──────── Source material
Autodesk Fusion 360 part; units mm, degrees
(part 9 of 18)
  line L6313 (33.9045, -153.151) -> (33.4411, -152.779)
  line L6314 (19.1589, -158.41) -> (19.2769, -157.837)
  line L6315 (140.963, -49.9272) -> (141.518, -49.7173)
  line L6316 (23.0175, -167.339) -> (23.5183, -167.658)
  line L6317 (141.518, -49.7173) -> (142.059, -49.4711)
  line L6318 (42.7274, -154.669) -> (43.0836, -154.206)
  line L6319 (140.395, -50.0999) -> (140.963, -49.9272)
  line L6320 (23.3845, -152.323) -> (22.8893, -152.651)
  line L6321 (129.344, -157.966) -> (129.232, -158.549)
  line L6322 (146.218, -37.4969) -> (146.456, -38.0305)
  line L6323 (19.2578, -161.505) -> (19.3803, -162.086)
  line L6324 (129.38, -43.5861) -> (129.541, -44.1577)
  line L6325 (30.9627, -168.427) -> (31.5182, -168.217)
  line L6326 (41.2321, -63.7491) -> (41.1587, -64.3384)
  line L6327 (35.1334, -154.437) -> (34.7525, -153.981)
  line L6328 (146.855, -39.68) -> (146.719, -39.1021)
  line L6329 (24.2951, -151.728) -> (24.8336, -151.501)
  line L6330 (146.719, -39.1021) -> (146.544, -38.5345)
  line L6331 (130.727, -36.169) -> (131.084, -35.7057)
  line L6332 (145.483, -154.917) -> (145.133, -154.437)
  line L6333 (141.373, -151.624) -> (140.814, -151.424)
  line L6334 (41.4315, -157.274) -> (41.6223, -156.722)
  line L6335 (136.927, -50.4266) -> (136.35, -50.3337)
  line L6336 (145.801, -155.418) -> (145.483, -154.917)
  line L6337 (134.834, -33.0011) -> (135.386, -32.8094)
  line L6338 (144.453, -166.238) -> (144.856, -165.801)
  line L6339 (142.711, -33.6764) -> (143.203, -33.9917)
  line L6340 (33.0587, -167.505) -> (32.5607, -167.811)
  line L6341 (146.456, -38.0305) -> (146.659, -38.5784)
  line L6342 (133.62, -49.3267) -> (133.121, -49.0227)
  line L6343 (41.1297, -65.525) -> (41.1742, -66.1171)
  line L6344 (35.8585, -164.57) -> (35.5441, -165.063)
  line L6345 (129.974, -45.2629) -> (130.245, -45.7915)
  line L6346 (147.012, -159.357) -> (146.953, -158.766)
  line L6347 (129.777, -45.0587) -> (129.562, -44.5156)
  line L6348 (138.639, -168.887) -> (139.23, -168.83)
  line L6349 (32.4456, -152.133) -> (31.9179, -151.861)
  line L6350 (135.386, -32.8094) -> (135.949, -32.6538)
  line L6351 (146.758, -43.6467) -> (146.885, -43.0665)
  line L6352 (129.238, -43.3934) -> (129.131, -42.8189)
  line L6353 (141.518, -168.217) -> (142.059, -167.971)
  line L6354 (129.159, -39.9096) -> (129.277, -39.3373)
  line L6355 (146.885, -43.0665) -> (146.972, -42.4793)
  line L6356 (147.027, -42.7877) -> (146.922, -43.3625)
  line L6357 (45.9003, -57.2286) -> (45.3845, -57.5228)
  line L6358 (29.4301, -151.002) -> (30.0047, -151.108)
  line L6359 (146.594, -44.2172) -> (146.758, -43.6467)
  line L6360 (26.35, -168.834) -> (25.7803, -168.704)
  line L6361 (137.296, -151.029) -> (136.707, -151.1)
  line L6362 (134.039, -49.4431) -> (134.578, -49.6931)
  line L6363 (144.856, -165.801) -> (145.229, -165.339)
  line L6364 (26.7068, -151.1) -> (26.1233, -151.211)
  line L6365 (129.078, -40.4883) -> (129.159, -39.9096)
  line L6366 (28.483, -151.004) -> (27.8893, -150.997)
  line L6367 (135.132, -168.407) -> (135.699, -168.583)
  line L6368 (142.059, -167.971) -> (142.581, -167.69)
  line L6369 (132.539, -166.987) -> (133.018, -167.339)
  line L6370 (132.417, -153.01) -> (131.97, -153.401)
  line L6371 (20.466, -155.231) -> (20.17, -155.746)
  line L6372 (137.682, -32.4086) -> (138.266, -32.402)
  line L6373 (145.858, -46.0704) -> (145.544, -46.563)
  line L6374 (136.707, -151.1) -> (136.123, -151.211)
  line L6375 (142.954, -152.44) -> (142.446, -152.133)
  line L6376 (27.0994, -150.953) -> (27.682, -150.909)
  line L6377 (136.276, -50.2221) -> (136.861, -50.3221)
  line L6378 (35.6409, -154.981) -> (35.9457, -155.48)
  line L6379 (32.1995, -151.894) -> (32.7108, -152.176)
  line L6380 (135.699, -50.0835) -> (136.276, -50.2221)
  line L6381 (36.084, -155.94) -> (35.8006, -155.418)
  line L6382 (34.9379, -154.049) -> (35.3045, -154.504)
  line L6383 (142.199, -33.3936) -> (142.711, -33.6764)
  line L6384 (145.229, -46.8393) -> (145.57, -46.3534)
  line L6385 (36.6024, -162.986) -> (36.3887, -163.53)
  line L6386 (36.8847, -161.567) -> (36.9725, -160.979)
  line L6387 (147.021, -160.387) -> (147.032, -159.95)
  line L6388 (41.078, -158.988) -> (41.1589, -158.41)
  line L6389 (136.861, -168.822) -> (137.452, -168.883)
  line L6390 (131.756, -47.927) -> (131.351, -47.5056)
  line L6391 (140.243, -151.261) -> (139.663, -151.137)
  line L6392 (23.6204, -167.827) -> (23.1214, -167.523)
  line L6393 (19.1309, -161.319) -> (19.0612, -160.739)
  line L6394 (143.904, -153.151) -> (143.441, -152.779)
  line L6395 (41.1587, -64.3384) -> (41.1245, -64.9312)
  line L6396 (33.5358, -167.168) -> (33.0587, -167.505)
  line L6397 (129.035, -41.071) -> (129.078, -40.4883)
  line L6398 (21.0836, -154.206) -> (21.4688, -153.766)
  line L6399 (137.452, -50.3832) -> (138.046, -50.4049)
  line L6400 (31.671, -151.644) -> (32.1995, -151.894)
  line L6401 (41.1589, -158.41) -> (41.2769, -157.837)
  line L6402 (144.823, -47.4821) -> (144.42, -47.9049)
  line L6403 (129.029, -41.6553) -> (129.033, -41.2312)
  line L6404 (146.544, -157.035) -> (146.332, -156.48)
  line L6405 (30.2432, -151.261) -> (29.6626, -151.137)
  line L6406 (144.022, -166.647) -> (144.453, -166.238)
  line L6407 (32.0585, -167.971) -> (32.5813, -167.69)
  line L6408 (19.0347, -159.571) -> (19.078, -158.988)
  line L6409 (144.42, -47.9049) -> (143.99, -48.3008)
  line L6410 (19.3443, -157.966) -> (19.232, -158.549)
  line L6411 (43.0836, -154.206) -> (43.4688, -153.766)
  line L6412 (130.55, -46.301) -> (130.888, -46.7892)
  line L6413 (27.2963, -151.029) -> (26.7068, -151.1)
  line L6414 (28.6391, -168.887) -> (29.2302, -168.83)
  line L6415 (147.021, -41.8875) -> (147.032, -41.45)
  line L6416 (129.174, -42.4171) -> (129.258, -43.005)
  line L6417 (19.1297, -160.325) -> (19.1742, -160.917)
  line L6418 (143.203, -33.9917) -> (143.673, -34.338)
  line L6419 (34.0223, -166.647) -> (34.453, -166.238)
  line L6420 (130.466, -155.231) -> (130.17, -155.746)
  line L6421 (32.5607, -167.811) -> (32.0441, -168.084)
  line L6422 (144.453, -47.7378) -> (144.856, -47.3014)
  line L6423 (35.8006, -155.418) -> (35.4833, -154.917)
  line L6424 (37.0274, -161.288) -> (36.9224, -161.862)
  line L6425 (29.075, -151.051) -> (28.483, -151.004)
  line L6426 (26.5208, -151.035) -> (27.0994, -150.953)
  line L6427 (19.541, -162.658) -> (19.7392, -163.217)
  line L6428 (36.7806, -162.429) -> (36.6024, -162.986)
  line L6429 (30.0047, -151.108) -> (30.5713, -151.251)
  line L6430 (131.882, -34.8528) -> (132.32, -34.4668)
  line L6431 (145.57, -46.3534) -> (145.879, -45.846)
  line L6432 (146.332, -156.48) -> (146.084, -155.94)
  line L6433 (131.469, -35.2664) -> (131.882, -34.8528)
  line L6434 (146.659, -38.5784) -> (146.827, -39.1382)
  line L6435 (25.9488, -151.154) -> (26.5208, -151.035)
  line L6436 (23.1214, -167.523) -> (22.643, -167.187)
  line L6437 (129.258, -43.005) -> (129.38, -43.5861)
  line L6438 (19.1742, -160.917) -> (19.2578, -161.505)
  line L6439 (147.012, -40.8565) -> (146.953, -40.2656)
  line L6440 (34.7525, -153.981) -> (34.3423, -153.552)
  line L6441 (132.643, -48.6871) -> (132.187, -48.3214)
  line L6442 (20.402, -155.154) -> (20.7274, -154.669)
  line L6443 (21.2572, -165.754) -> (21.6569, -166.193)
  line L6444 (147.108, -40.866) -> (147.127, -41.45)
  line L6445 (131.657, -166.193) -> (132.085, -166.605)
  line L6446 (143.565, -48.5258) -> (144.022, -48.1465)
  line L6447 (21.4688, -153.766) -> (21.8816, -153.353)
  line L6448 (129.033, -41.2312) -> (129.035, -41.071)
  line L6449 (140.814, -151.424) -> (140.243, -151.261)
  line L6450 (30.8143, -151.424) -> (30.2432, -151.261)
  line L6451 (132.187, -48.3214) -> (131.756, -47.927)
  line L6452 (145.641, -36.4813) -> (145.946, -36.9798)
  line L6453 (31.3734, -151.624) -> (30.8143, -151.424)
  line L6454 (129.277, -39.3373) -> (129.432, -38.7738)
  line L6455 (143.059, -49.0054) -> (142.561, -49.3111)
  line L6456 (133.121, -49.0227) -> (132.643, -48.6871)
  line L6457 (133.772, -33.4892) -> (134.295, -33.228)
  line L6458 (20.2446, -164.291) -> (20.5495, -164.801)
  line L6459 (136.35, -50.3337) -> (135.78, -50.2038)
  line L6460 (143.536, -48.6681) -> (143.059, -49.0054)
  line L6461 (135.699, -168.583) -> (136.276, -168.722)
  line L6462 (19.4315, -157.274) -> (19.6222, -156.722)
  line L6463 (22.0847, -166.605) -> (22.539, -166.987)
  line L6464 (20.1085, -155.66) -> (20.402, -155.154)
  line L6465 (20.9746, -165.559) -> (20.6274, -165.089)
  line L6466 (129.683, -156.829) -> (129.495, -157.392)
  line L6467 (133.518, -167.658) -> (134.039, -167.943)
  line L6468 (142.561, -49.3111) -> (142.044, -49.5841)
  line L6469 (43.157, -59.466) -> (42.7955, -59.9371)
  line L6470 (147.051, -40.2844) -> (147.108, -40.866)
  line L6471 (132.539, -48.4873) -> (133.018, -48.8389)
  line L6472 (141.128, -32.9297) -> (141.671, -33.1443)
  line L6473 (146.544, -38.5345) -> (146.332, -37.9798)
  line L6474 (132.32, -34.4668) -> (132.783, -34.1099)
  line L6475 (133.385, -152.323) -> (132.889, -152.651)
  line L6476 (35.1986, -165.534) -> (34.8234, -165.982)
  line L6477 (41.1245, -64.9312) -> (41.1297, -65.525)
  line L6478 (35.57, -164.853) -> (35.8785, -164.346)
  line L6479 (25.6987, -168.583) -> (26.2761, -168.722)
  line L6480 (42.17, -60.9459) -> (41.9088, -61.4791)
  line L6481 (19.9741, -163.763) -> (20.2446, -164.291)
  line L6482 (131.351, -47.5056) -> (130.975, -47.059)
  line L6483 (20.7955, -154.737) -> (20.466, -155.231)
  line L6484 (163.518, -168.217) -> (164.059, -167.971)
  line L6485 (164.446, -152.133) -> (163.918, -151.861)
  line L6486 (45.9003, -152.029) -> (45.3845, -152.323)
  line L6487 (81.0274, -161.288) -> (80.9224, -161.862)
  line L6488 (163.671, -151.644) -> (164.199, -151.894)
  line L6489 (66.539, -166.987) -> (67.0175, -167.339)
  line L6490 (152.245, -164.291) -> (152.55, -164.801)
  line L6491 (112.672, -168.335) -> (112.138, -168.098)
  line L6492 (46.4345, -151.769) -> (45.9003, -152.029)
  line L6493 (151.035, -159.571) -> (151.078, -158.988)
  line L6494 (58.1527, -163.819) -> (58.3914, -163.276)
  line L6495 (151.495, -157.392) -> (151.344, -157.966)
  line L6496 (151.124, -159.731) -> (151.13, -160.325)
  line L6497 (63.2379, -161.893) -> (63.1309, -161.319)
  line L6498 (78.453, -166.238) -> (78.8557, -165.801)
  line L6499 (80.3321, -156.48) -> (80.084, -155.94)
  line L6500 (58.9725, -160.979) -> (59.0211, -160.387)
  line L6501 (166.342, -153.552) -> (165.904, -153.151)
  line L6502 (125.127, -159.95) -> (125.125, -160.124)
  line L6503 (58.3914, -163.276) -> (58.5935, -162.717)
────────────────
What you need to do:
Nothing but the lines from the start of the data through the line holding "line L6320 (23.3845, -152.323)" should be restated, and each one exactly.

Exercise answer:
Autodesk Fusion 360 part; units mm, degrees
(part 9 of 18)
  line L6313 (33.9045, -153.151) -> (33.4411, -152.779)
  line L6314 (19.1589, -158.41) -> (19.2769, -157.837)
  line L6315 (140.963, -49.9272) -> (141.518, -49.7173)
  line L6316 (23.0175, -167.339) -> (23.5183, -167.658)
  line L6317 (141.518, -49.7173) -> (142.059, -49.4711)
  line L6318 (42.7274, -154.669) -> (43.0836, -154.206)
  line L6319 (140.395, -50.0999) -> (140.963, -49.9272)
  line L6320 (23.3845, -152.323) -> (22.8893, -152.651)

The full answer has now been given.